I am looking at a job in New York. A 6 story building. In the stairwell and floor landings there is stucco on the walls. It is around 3" deep. The owner wants 2 prices: one to remove the stucco to the bare brick ( costly ), the other to laminate the walls with sheetrock. I am thinking to laminate over the stucco with 5/8" sheetrock. I would put compound on the back of the sheetrock place it on the wall, then nail it into the stucco. Also, there are door frames on each landing. I know the 5/8" will go beyond the frame. I need help in my determination and am I right on the install over the stucco? If not I could use some expert advise as to the best way and the most inexpensive way for the owner.
Thanks
Julian


----------



## joecaption (Nov 30, 2011)

That's one job I think I would walk away from.
Sure it's not plaster on those walls and not stucco?
Trying to picture in my mind whatever it is, why it would be 3" thick? How in the world would you even trim out a door with a wall like that?
If you removed it you would be stuck with also having to remove all the door jambs and cutting them down.


----------



## AtlanticWBConst. (May 12, 2006)

Not sure why you are considering taking on a job that you are obviously not qualifed to do.

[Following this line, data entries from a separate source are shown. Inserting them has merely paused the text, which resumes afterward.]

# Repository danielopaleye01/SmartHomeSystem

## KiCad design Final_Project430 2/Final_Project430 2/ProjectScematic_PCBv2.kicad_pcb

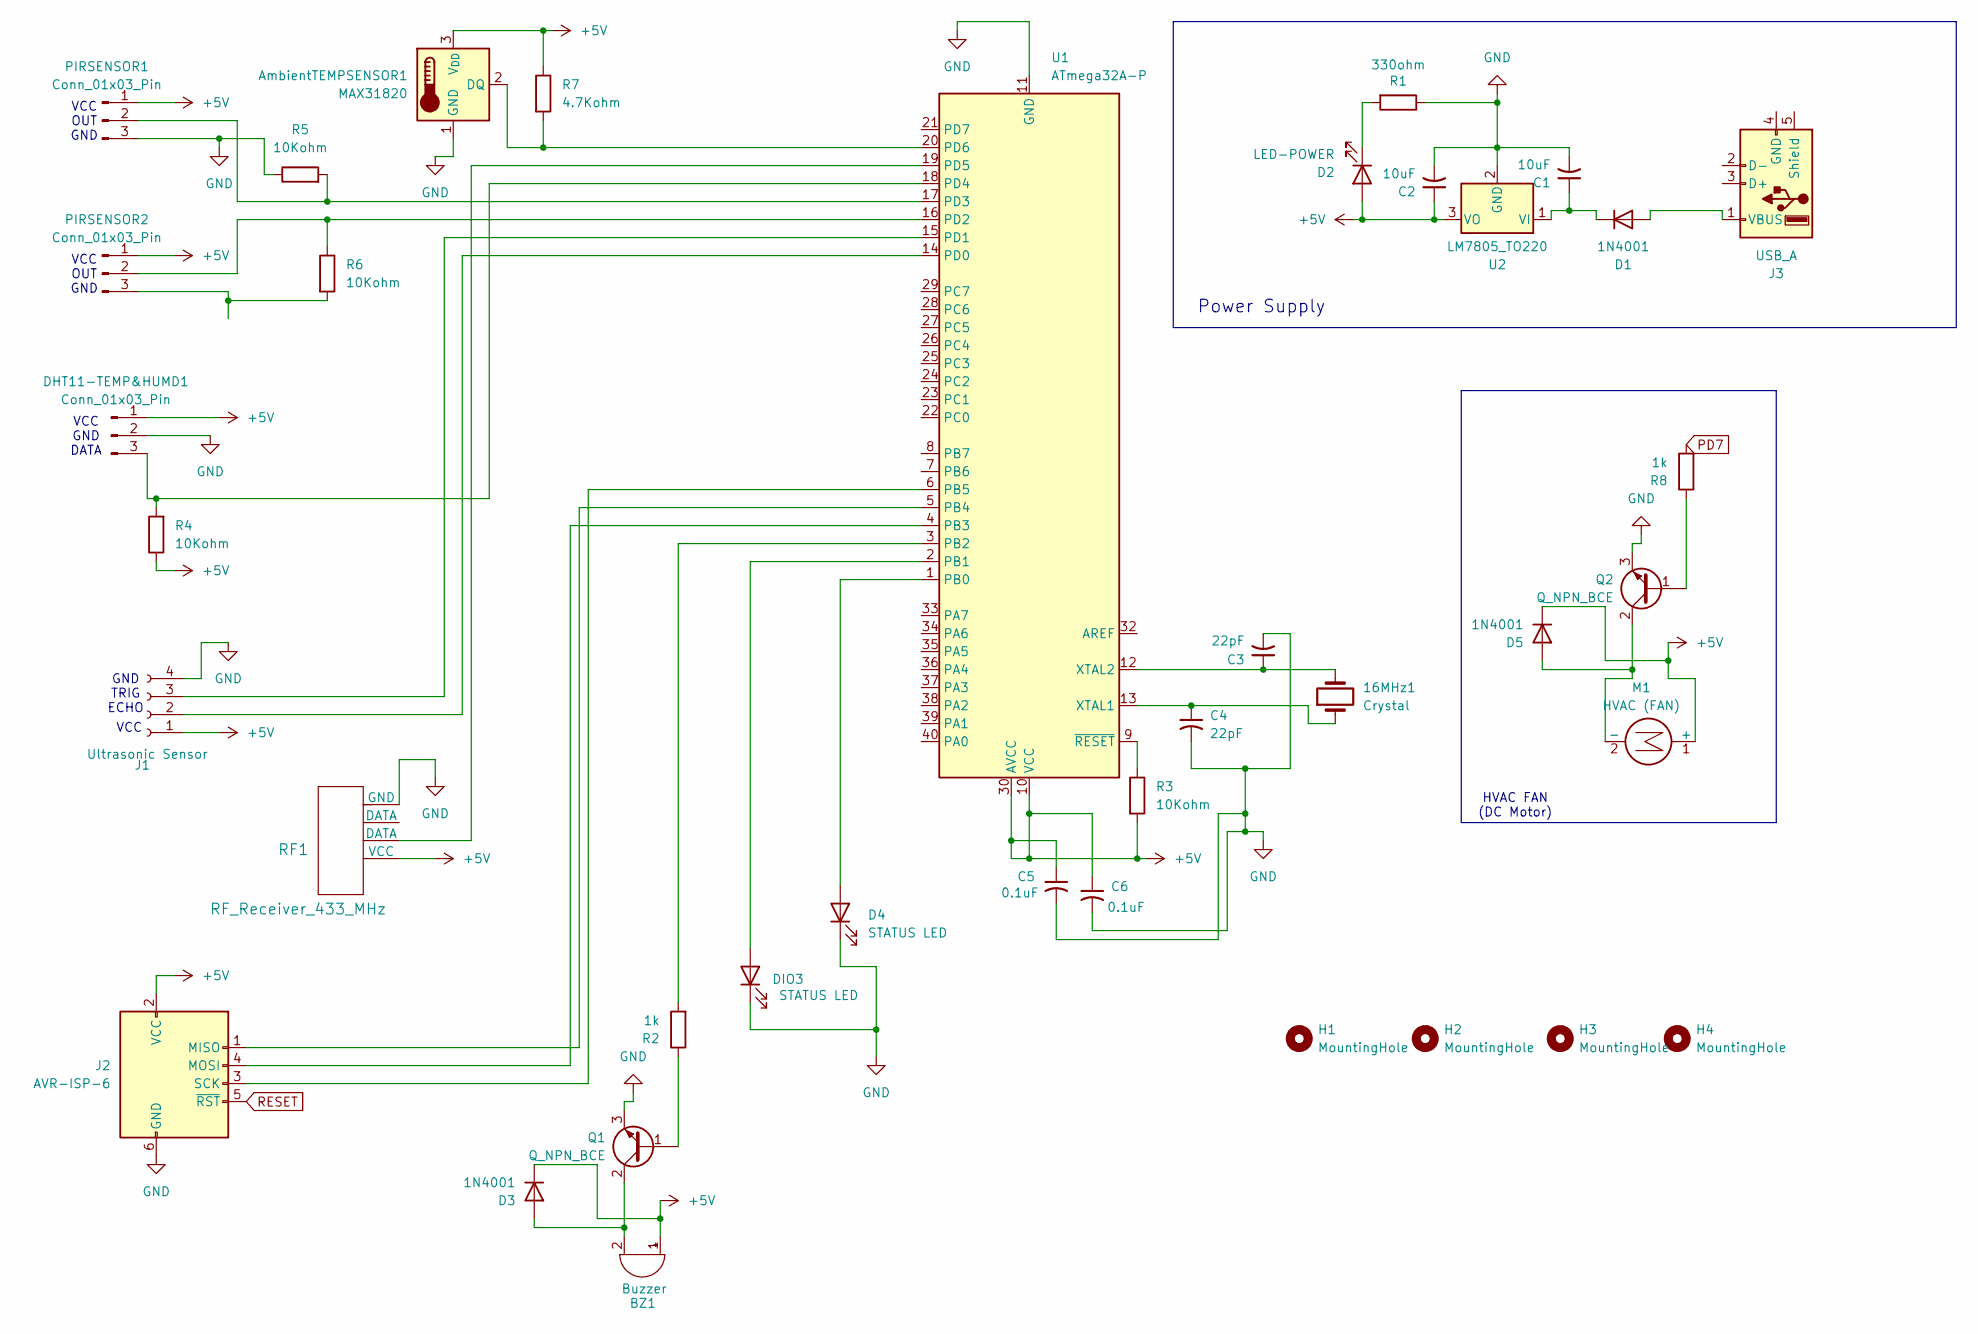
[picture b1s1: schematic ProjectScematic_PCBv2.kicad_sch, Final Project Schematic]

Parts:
16MHz1: Crystal; Crystal_HC49-U_Vertical
AmbientTEMPSENSOR1: MAX31820; TO-92_Inline
BZ1: Buzzer; Buzzer_12x9.5RM7.6
C1, C2: 10uF; C_Elec_5x5.4
C3, C4: 22pF; C_Elec_5x5.4
C5, C6: 0.1uF; C_Elec_5x5.4
D1, D3, D5: 1N4001; D_DO-41_SOD81_P10.16mm_Horizontal
D2: LED-POWER; LED_PLCC-2_3x2mm_AK
D4: STATUS LED; LED_1W_3W_R8
DHT11-TEMP&HUMD1: Conn_01x03_Pin; PinSocket_1x03_P2.54mm_Vertical
DIO3: STATUS LED; LED-L1T2_LUMILEDS
H1, H2, H3, H4: MountingHole; MountingHole_2.1mm
J1: Ultrasonic Sensor; AMS_OLGA12
J2: AVR-ISP-6; PinHeader_2x03_P2.54mm_Vertical
J3: USB_A; USB_A_CNCTech_1001-011-01101_Horizontal
M1: HVAC (FAN); FanPinHeader_1x03_P2.54mm_Vertical
PIRSENSOR1, PIRSENSOR2: Conn_01x03_Pin; FanPinHeader_1x03_P2.54mm_Vertical
Q1, Q2: Q_NPN_BCE; GaN_Systems_GaNPX-3_5x6.6mm_Drain2.93x0.6mm
R1: 330ohm; R_0201_0603Metric_Pad0.64x0.40mm_HandSolder
R2, R8: 1k; R_0201_0603Metric_Pad0.64x0.40mm_HandSolder
R3, R4, R5, R6: 10Kohm; R_0201_0603Metric_Pad0.64x0.40mm_HandSolder
R7: 4.7Kohm; R_0201_0603Metric_Pad0.64x0.40mm_HandSolder
RF1: RF_Receiver_433_MHz; Skyworks_SKY65404-31
U1: ATmega32A-P; DIP-40_W15.24mm
U2: LM7805_TO220; TO-220-3_Vertical

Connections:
+5V: AmbientTEMPSENSOR1.3 (V_{DD}), BZ1.1 (+), C2.1, C5.1, C6.1, D2.2 (A), D3.1 (K), D5.1 (K), DHT11-TEMP&HUMD1.1, J1.1, J2.2 (VCC), M1.1 (+), PIRSENSOR1.1, PIRSENSOR2.1, R3.2, R4.1, R7.1, RF1.1 (VCC), U1.10 (VCC), U1.30 (AVCC), U2.3 (VO)
GND: AmbientTEMPSENSOR1.1 (GND), C1.2, C2.2, C3.2, C4.2, C5.2, C6.2, D4.1 (K), DHT11-TEMP&HUMD1.2, DIO3.1 (K), J1.4, J2.6 (GND), PIRSENSOR1.3, Q1.3 (E), Q2.3 (E), R1.1, R5.1, RF1.4 (GND), U1.11 (GND), U1.31 (GND), U2.2 (GND)
unnamed: AmbientTEMPSENSOR1.2 (DQ), R7.2, U1.20 (PD6)
unnamed: BZ1.2 (-), D3.2 (A), Q1.2 (C)
unnamed: D1.2 (A), J3.1 (VBUS)
unnamed: C1.1, D1.1 (K), U2.1 (VI)
unnamed: D2.1 (K), R1.2
unnamed: D4.2 (A), U1.1 (PB0)
unnamed: D5.2 (A), M1.2 (-), Q2.2 (C)
unnamed: DHT11-TEMP&HUMD1.3, R4.2, U1.18 (PD4)
unnamed: DIO3.2 (A), U1.2 (PB1)
unnamed: J1.2, U1.14 (PD0)
unnamed: J1.3, U1.15 (PD1)
unnamed: J2.1 (MISO), U1.5 (PB4)
unnamed: J2.4 (MOSI), U1.4 (PB3)
unnamed: J2.3 (SCK), U1.6 (PB5)
unnamed: PIRSENSOR1.2, R5.2, U1.17 (PD3)
unnamed: PIRSENSOR2.2, R6.1, U1.16 (PD2)
unnamed: PIRSENSOR2.3, R6.2
unnamed: Q1.1 (B), R2.1
unnamed: Q2.1 (B), R8.1
unnamed: R2.2, U1.3 (PB2)
unnamed: RF1.2 (DATA), U1.19 (PD5)
unnamed: 16MHz1.1, C4.1, U1.13 (XTAL1)
unnamed: 16MHz1.2, C3.1, U1.12 (XTAL2)
unnamed: R3.1, U1.9 (~RESET)
PD7: R8.2
RESET: J2.5 (~RST)

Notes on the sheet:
VCC GND DATA
VCC
VCC OUT GND
HVAC FAN (DC Motor)
Power Supply
GND TRIG ECHO

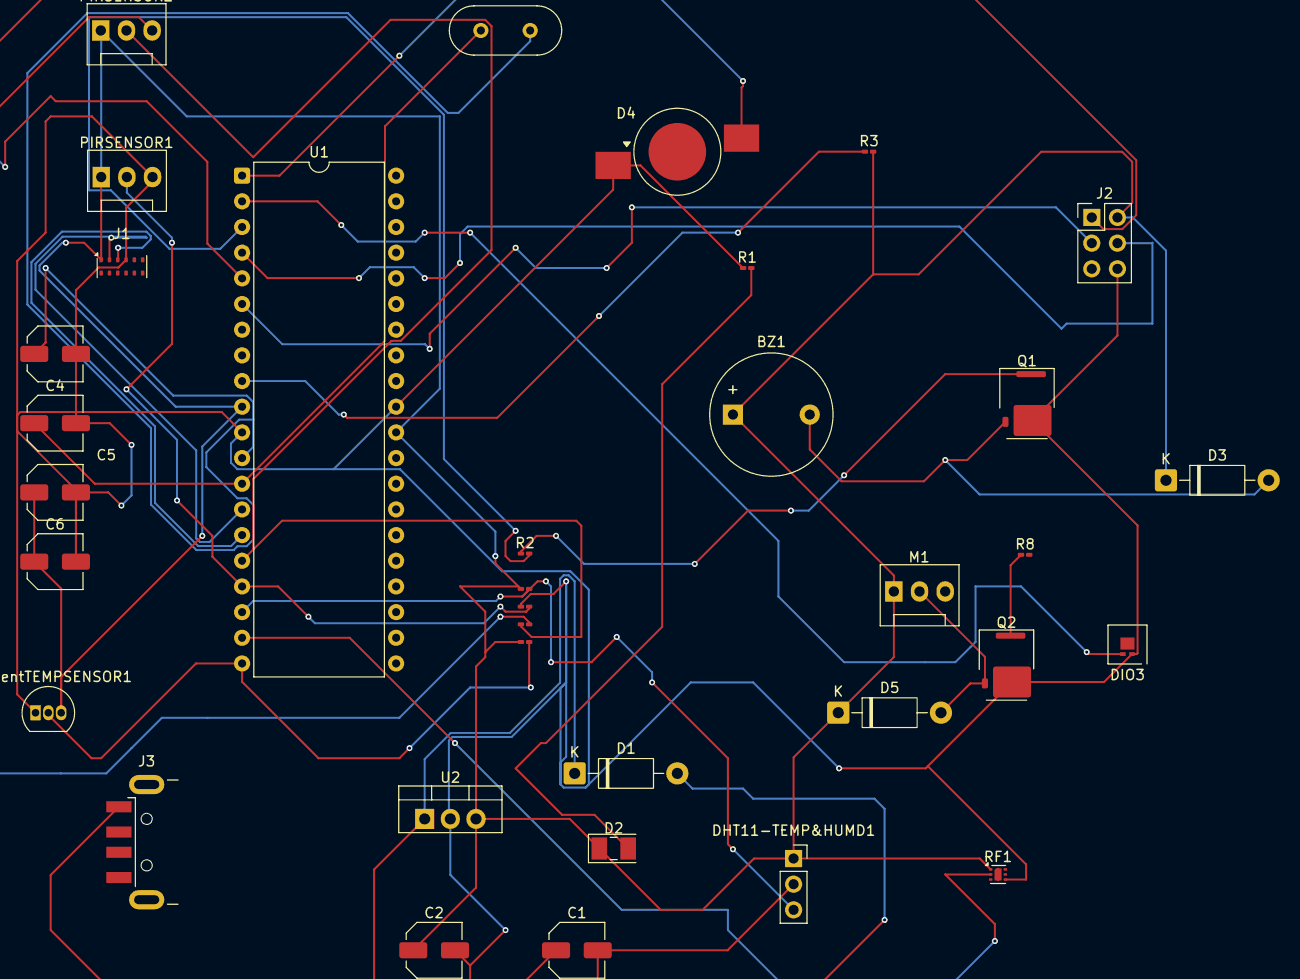
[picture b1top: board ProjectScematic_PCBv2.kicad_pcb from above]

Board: 2 copper layers, 39 parts (0 on the bottom side), 26 nets.

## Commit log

2025-01-28 Create Logbook
2025-01-28 Create Priorities and Dependencies
2025-02-04 Add files via upload
    3 Prototype types
2025-03-11 Updated Logbook
    Included test and development log from past 2 days.
2025-03-11 Update Logbook
2025-03-11 Update Logbook
    Appended final test log.
2025-05-14 Rename Logbook (1) (1).txt to Logbook .txt
2025-05-15 Code for Smart Home system
2025-05-15 KiCad Zip Folder
2025-05-15 Gerber Files Zip Folder
2025-05-15 Drill File
2025-05-15 Gerber and Drill Files
    Compressed folder containing the Gerber and Drill files
2025-05-15 Delete pcb layout-job.gbrjob
    Reuploaded Gerber file folder with Drill files (including this one). Deleting this one here to avoid redundancy.
2025-05-15 Delete Final_Project430 2.zip
    A newer folder was uploaded.
2025-05-15 Delete Gerber_and_Drill_Files.zip
    These were outdated.

*This site is about DIY related work. That refers to non-paying projects that people do on their own properties. *

Its not about giving advice to novices to perform professional work, that is beyond their skill levels. There are a lot more responsibilities and liabilities to doing professional contracting (I cannot begin to even start to go thru the list, including licensing, certifications, OSHA compliance, EPA rules, proper insurances, permits, etc.). 

Its very unfair to anyone else involved, including the property owner, and/or Client, to try and take on work that you are not qualified to do, and in some situations, have no idea on how to go about doing it (as your post shows).
*
= Closing this thread (POST IS NOT "DIY" RELATED)
*


----------